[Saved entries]
##########

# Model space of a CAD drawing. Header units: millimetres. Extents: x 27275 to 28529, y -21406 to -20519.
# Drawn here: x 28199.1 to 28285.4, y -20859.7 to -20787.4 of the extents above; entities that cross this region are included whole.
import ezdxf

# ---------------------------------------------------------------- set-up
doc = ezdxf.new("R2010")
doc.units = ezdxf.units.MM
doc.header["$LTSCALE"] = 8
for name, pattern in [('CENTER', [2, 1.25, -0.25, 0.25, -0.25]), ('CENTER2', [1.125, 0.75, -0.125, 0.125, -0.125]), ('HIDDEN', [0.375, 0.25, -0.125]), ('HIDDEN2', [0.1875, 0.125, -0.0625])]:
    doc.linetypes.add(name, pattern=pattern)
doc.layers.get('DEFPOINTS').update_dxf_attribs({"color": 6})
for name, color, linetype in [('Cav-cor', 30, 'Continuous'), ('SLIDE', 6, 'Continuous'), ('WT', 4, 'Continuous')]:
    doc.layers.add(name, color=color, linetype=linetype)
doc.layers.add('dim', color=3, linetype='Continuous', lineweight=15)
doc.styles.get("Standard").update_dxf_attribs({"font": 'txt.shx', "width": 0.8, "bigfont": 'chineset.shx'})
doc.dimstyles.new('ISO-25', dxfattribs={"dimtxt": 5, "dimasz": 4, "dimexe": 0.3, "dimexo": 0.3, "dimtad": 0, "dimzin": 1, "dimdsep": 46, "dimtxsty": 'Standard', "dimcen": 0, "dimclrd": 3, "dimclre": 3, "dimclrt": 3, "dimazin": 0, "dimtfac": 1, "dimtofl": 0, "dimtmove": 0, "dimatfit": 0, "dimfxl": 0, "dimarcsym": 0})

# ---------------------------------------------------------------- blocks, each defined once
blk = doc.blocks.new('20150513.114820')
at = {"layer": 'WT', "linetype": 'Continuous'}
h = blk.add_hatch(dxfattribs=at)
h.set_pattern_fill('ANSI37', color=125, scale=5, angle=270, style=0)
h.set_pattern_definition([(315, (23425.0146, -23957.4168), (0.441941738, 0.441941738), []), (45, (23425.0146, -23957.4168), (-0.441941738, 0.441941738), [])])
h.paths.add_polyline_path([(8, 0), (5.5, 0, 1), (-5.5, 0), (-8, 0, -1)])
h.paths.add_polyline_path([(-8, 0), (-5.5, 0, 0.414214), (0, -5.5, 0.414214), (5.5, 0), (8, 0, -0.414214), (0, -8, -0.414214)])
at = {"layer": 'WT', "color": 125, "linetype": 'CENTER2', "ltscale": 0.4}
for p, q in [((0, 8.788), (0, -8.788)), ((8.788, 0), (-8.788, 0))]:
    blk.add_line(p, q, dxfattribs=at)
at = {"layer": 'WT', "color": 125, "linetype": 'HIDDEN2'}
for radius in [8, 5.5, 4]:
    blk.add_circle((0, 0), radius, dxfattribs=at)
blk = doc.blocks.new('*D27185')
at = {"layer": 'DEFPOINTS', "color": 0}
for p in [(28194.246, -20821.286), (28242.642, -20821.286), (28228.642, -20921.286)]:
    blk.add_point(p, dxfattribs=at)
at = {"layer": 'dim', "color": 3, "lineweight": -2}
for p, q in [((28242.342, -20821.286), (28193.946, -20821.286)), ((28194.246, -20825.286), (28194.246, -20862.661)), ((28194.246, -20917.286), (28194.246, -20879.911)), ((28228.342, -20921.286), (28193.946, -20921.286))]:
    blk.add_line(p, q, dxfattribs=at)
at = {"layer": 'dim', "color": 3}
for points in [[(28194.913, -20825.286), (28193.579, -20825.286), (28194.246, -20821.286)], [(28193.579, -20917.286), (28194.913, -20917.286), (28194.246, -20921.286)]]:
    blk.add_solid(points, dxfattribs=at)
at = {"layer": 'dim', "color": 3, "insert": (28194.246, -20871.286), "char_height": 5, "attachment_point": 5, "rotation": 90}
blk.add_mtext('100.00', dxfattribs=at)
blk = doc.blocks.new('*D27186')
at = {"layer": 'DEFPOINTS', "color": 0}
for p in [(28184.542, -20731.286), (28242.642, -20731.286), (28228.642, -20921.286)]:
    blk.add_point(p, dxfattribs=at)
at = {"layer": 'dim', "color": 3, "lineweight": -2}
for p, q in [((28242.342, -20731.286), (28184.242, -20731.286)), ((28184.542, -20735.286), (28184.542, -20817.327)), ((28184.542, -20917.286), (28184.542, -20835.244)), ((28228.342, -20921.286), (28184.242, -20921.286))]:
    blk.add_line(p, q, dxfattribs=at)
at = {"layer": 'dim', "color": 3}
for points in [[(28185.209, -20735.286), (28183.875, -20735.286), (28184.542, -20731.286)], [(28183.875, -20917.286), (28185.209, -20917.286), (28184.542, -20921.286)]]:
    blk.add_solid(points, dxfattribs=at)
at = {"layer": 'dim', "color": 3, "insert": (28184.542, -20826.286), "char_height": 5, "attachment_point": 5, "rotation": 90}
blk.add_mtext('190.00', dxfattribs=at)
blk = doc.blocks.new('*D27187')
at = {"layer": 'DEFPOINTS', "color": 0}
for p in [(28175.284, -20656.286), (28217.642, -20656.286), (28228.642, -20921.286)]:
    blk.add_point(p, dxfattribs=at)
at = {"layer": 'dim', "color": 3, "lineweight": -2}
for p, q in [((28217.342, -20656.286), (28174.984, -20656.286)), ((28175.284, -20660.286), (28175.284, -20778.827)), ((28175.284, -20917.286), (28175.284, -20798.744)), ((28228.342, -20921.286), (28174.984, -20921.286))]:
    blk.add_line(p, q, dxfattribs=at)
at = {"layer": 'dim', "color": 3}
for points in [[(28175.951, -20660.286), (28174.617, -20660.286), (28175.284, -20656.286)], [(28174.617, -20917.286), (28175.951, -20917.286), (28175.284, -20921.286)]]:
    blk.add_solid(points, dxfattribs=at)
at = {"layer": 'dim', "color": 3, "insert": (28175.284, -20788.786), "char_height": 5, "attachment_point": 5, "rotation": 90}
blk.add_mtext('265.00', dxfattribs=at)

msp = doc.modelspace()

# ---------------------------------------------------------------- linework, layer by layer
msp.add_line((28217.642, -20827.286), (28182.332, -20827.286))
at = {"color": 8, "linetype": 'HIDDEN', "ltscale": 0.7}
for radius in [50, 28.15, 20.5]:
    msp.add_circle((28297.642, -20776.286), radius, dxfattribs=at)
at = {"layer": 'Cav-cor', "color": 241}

##########

> **TASK BRIEF**
Only the lines from the one containing "layer by layer" through the end of the data above are wanted, both ends included; restate them word for word.

> **COMPLETED TASK**
# ---------------------------------------------------------------- linework, layer by layer
msp.add_line((28217.642, -20827.286), (28182.332, -20827.286))
at = {"color": 8, "linetype": 'HIDDEN', "ltscale": 0.7}
for radius in [50, 28.15, 20.5]:
    msp.add_circle((28297.642, -20776.286), radius, dxfattribs=at)
at = {"layer": 'Cav-cor', "color": 241}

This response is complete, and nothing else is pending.